Try it ->
Nothing after the line with "#34=ORIENTED_EDGE('',*,*,#33,.F.);" belongs in the copy; extract the lines below from the top through that line, pictures left out.

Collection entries
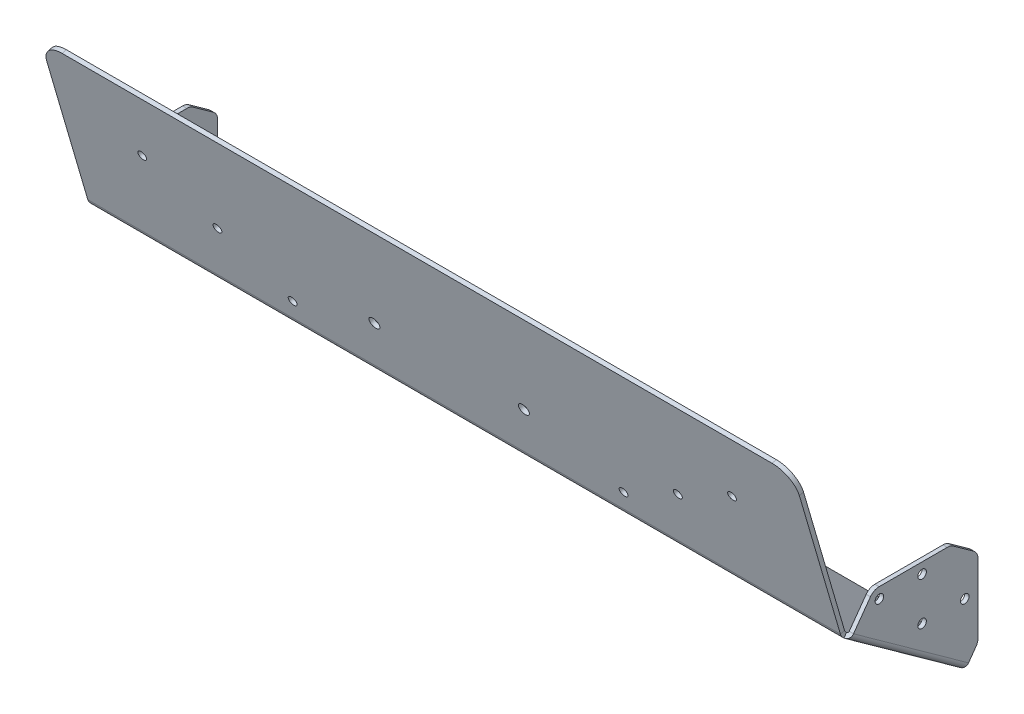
ISO-10303-21;
HEADER;
FILE_DESCRIPTION(('STEP AP214'),'2;1');
FILE_NAME('part.step','',(''),(''),'','','');
FILE_SCHEMA(('AUTOMOTIVE_DESIGN { 1 0 10303 214 1 1 1 1 }'));
ENDSEC;
DATA;
#1=APPLICATION_CONTEXT('core data for automotive mechanical design processes');
#2=APPLICATION_PROTOCOL_DEFINITION('international standard','automotive_design',2000,#1);
#3=PRODUCT_CONTEXT('',#1,'mechanical');
#4=PRODUCT('Part','Part','',(#3));
#5=PRODUCT_RELATED_PRODUCT_CATEGORY('part','',(#4));
#6=PRODUCT_DEFINITION_FORMATION('','',#4);
#7=PRODUCT_DEFINITION_CONTEXT('part definition',#1,'design');
#8=PRODUCT_DEFINITION('design','',#6,#7);
#9=PRODUCT_DEFINITION_SHAPE('','',#8);
#10=(LENGTH_UNIT() NAMED_UNIT(*) SI_UNIT(.MILLI.,.METRE.));
#11=(NAMED_UNIT(*) PLANE_ANGLE_UNIT() SI_UNIT($,.RADIAN.));
#12=(NAMED_UNIT(*) SI_UNIT($,.STERADIAN.) SOLID_ANGLE_UNIT());
#13=UNCERTAINTY_MEASURE_WITH_UNIT(LENGTH_MEASURE(1.E-05),#10,'distance_accuracy_value','');
#14=(GEOMETRIC_REPRESENTATION_CONTEXT(3) GLOBAL_UNCERTAINTY_ASSIGNED_CONTEXT((#13)) GLOBAL_UNIT_ASSIGNED_CONTEXT((#10,
#11,#12)) REPRESENTATION_CONTEXT('',''));
#15=CARTESIAN_POINT('',(0.,0.,0.));
#16=DIRECTION('',(0.,0.,1.));
#17=DIRECTION('',(1.,0.,0.));
#18=AXIS2_PLACEMENT_3D('',#15,#16,#17);
#19=CARTESIAN_POINT('',(223.8375,-149.205630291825,101.175402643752));
#20=DIRECTION('',(0.,-0.583734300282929,-0.811944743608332));
#21=DIRECTION('',(0.707106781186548,-0.574131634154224,0.412762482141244));
#22=AXIS2_PLACEMENT_3D('',#19,#20,#21);
#23=CYLINDRICAL_SURFACE('',#22,1.016);
#24=CARTESIAN_POINT('',(223.8375,-124.606552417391,135.391469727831));
#25=DIRECTION('',(0.,-0.583734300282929,-0.811944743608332));
#26=DIRECTION('',(0.,0.811944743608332,-0.583734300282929));
#27=AXIS2_PLACEMENT_3D('',#24,#25,#26);
#28=CIRCLE('',#27,1.016);
#29=CARTESIAN_POINT('',(224.8535,-124.606552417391,135.391469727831));
#30=VERTEX_POINT('',#29);
#31=CARTESIAN_POINT('',(223.8375,-125.431488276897,135.984543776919));
#32=VERTEX_POINT('',#31);
#33=EDGE_CURVE('E20',#30,#32,#28,.T.);
#34=ORIENTED_EDGE('',*,*,#33,.F.);
#35=DIRECTION('',(0.,0.58373430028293,0.811944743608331));
#36=VECTOR('',#35,1.);
#37=CARTESIAN_POINT('',(224.8535,-149.205630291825,101.175402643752));
#38=LINE('',#37,#36);
#39=CARTESIAN_POINT('',(224.8535,-173.80470816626,66.9593355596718));
#40=VERTEX_POINT('',#39);
#41=EDGE_CURVE('E854',#40,#30,#38,.T.);
#42=ORIENTED_EDGE('',*,*,#41,.F.);
#43=CARTESIAN_POINT('',(223.8375,-173.80470816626,66.9593355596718));
#44=DIRECTION('',(0.,-0.583734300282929,-0.811944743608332));
#45=DIRECTION('',(0.,0.811944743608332,-0.583734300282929));
#46=AXIS2_PLACEMENT_3D('',#43,#44,#45);
#47=CIRCLE('',#46,1.016);
#48=CARTESIAN_POINT('',(223.8375,-174.629644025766,67.5524096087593));
#49=VERTEX_POINT('',#48);
#50=EDGE_CURVE('E881',#40,#49,#47,.T.);
#51=ORIENTED_EDGE('',*,*,#50,.T.);
#52=DIRECTION('',(0.,0.58373430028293,0.811944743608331));
#53=VECTOR('',#52,1.);
#54=CARTESIAN_POINT('',(223.8375,-153.103993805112,97.4934950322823));
#55=LINE('',#54,#53);
#56=EDGE_CURVE('E915',#49,#32,#55,.T.);
#57=ORIENTED_EDGE('',*,*,#56,.T.);
#58=EDGE_LOOP('',(#34,#42,#51,#57));
#59=FACE_BOUND('',#58,.T.);
#60=ADVANCED_FACE('F17',(#59),#23,.F.);
#61=CARTESIAN_POINT('',(223.8375,-149.205630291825,101.175402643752));
#62=DIRECTION('',(0.,-0.583734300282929,-0.811944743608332));
#63=DIRECTION('',(0.707106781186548,-0.574131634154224,0.412762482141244));
#64=AXIS2_PLACEMENT_3D('',#61,#62,#63);
#65=CYLINDRICAL_SURFACE('',#64,3.556);
#66=CARTESIAN_POINT('',(223.8375,-124.606552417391,135.391469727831));
#67=DIRECTION('',(0.,-0.583734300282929,-0.811944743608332));
#68=DIRECTION('',(0.,0.811944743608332,-0.583734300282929));
#69=AXIS2_PLACEMENT_3D('',#66,#67,#68);
#70=CIRCLE('',#69,3.556);
#71=CARTESIAN_POINT('',(227.3935,-124.606552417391,135.391469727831));
#72=VERTEX_POINT('',#71);
#73=CARTESIAN_POINT('',(223.8375,-127.493827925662,137.467228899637));
#74=VERTEX_POINT('',#73);
#75=EDGE_CURVE('E11',#72,#74,#70,.T.);
#76=ORIENTED_EDGE('',*,*,#75,.T.);
#77=DIRECTION('',(0.,0.58373430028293,0.811944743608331));
#78=VECTOR('',#77,1.);
#79=CARTESIAN_POINT('',(223.8375,-155.166333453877,98.9761801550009));
#80=LINE('',#79,#78);
#81=CARTESIAN_POINT('',(223.8375,-176.691983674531,69.0350947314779));
#82=VERTEX_POINT('',#81);
#83=EDGE_CURVE('E1001',#82,#74,#80,.T.);
#84=ORIENTED_EDGE('',*,*,#83,.F.);
#85=CARTESIAN_POINT('',(223.8375,-173.80470816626,66.9593355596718));
#86=DIRECTION('',(0.,-0.583734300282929,-0.811944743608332));
#87=DIRECTION('',(0.,0.811944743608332,-0.583734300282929));
#88=AXIS2_PLACEMENT_3D('',#85,#86,#87);
#89=CIRCLE('',#88,3.556);
#90=CARTESIAN_POINT('',(227.3935,-173.80470816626,66.9593355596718));
#91=VERTEX_POINT('',#90);
#92=EDGE_CURVE('E883',#91,#82,#89,.T.);
#93=ORIENTED_EDGE('',*,*,#92,.F.);
#94=DIRECTION('',(0.,0.58373430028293,0.811944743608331));
#95=VECTOR('',#94,1.);
#96=CARTESIAN_POINT('',(227.3935,-149.205630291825,101.175402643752));
#97=LINE('',#96,#95);
#98=EDGE_CURVE('E871',#91,#72,#97,.T.);
#99=ORIENTED_EDGE('',*,*,#98,.T.);
#100=EDGE_LOOP('',(#76,#84,#93,#99));
#101=FACE_BOUND('',#100,.T.);
#102=ADVANCED_FACE('F1225',(#101),#65,.T.);
#103=CARTESIAN_POINT('',(223.8375,-124.606552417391,135.391469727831));
#104=DIRECTION('',(0.,0.583734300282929,0.811944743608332));
#105=DIRECTION('',(1.,0.,0.));
#106=AXIS2_PLACEMENT_3D('',#103,#104,#105);
#107=PLANE('',#106);
#108=DIRECTION('',(-1.,0.,0.));
#109=VECTOR('',#108,1.);
#110=CARTESIAN_POINT('',(227.3935,-124.606552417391,135.391469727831));
#111=LINE('',#110,#109);
#112=EDGE_CURVE('E789',#72,#30,#111,.T.);
#113=ORIENTED_EDGE('',*,*,#112,.T.);
#114=ORIENTED_EDGE('',*,*,#33,.T.);
#115=DIRECTION('',(0.,0.811944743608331,-0.58373430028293));
#116=VECTOR('',#115,1.);
#117=CARTESIAN_POINT('',(223.8375,-127.493827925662,137.467228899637));
#118=LINE('',#117,#116);
#119=EDGE_CURVE('E634',#74,#32,#118,.T.);
#120=ORIENTED_EDGE('',*,*,#119,.F.);
#121=ORIENTED_EDGE('',*,*,#75,.F.);
#122=EDGE_LOOP('',(#113,#114,#120,#121));
#123=FACE_BOUND('',#122,.T.);
#124=ADVANCED_FACE('F897',(#123),#107,.T.);
#125=CARTESIAN_POINT('',(223.8375,-173.80470816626,66.9593355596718));
#126=DIRECTION('',(0.,0.583734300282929,0.811944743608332));
#127=DIRECTION('',(1.,0.,0.));
#128=AXIS2_PLACEMENT_3D('',#125,#126,#127);
#129=PLANE('',#128);
#130=DIRECTION('',(0.,0.811944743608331,-0.58373430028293));
#131=VECTOR('',#130,1.);
#132=CARTESIAN_POINT('',(223.8375,-176.691983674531,69.0350947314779));
#133=LINE('',#132,#131);
#134=EDGE_CURVE('E1042',#82,#49,#133,.T.);
#135=ORIENTED_EDGE('',*,*,#134,.T.);
#136=ORIENTED_EDGE('',*,*,#50,.F.);
#137=DIRECTION('',(-1.,0.,0.));
#138=VECTOR('',#137,1.);
#139=CARTESIAN_POINT('',(227.3935,-173.80470816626,66.9593355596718));
#140=LINE('',#139,#138);
#141=EDGE_CURVE('E771',#91,#40,#140,.T.);
#142=ORIENTED_EDGE('',*,*,#141,.F.);
#143=ORIENTED_EDGE('',*,*,#92,.T.);
#144=EDGE_LOOP('',(#135,#136,#142,#143));
#145=FACE_BOUND('',#144,.T.);
#146=ADVANCED_FACE('F1236',(#145),#129,.F.);
#147=CARTESIAN_POINT('',(227.3935,-114.3,79.6715147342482));
#148=DIRECTION('',(-1.,0.,0.));
#149=DIRECTION('',(0.,0.,1.));
#150=AXIS2_PLACEMENT_3D('',#147,#148,#149);
#151=CYLINDRICAL_SURFACE('',#150,6.35);
#152=CARTESIAN_POINT('',(227.3935,-114.3,79.6715147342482));
#153=DIRECTION('',(1.,0.,0.));
#154=DIRECTION('',(0.,0.,1.));
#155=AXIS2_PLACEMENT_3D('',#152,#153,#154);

Response to this task ->
ISO-10303-21;
HEADER;
FILE_DESCRIPTION(('STEP AP214'),'2;1');
FILE_NAME('part.step','',(''),(''),'','','');
FILE_SCHEMA(('AUTOMOTIVE_DESIGN { 1 0 10303 214 1 1 1 1 }'));
ENDSEC;
DATA;
#1=APPLICATION_CONTEXT('core data for automotive mechanical design processes');
#2=APPLICATION_PROTOCOL_DEFINITION('international standard','automotive_design',2000,#1);
#3=PRODUCT_CONTEXT('',#1,'mechanical');
#4=PRODUCT('Part','Part','',(#3));
#5=PRODUCT_RELATED_PRODUCT_CATEGORY('part','',(#4));
#6=PRODUCT_DEFINITION_FORMATION('','',#4);
#7=PRODUCT_DEFINITION_CONTEXT('part definition',#1,'design');
#8=PRODUCT_DEFINITION('design','',#6,#7);
#9=PRODUCT_DEFINITION_SHAPE('','',#8);
#10=(LENGTH_UNIT() NAMED_UNIT(*) SI_UNIT(.MILLI.,.METRE.));
#11=(NAMED_UNIT(*) PLANE_ANGLE_UNIT() SI_UNIT($,.RADIAN.));
#12=(NAMED_UNIT(*) SI_UNIT($,.STERADIAN.) SOLID_ANGLE_UNIT());
#13=UNCERTAINTY_MEASURE_WITH_UNIT(LENGTH_MEASURE(1.E-05),#10,'distance_accuracy_value','');
#14=(GEOMETRIC_REPRESENTATION_CONTEXT(3) GLOBAL_UNCERTAINTY_ASSIGNED_CONTEXT((#13)) GLOBAL_UNIT_ASSIGNED_CONTEXT((#10,
#11,#12)) REPRESENTATION_CONTEXT('',''));
#15=CARTESIAN_POINT('',(0.,0.,0.));
#16=DIRECTION('',(0.,0.,1.));
#17=DIRECTION('',(1.,0.,0.));
#18=AXIS2_PLACEMENT_3D('',#15,#16,#17);
#19=CARTESIAN_POINT('',(223.8375,-149.205630291825,101.175402643752));
#20=DIRECTION('',(0.,-0.583734300282929,-0.811944743608332));
#21=DIRECTION('',(0.707106781186548,-0.574131634154224,0.412762482141244));
#22=AXIS2_PLACEMENT_3D('',#19,#20,#21);
#23=CYLINDRICAL_SURFACE('',#22,1.016);
#24=CARTESIAN_POINT('',(223.8375,-124.606552417391,135.391469727831));
#25=DIRECTION('',(0.,-0.583734300282929,-0.811944743608332));
#26=DIRECTION('',(0.,0.811944743608332,-0.583734300282929));
#27=AXIS2_PLACEMENT_3D('',#24,#25,#26);
#28=CIRCLE('',#27,1.016);
#29=CARTESIAN_POINT('',(224.8535,-124.606552417391,135.391469727831));
#30=VERTEX_POINT('',#29);
#31=CARTESIAN_POINT('',(223.8375,-125.431488276897,135.984543776919));
#32=VERTEX_POINT('',#31);
#33=EDGE_CURVE('E20',#30,#32,#28,.T.);
#34=ORIENTED_EDGE('',*,*,#33,.F.);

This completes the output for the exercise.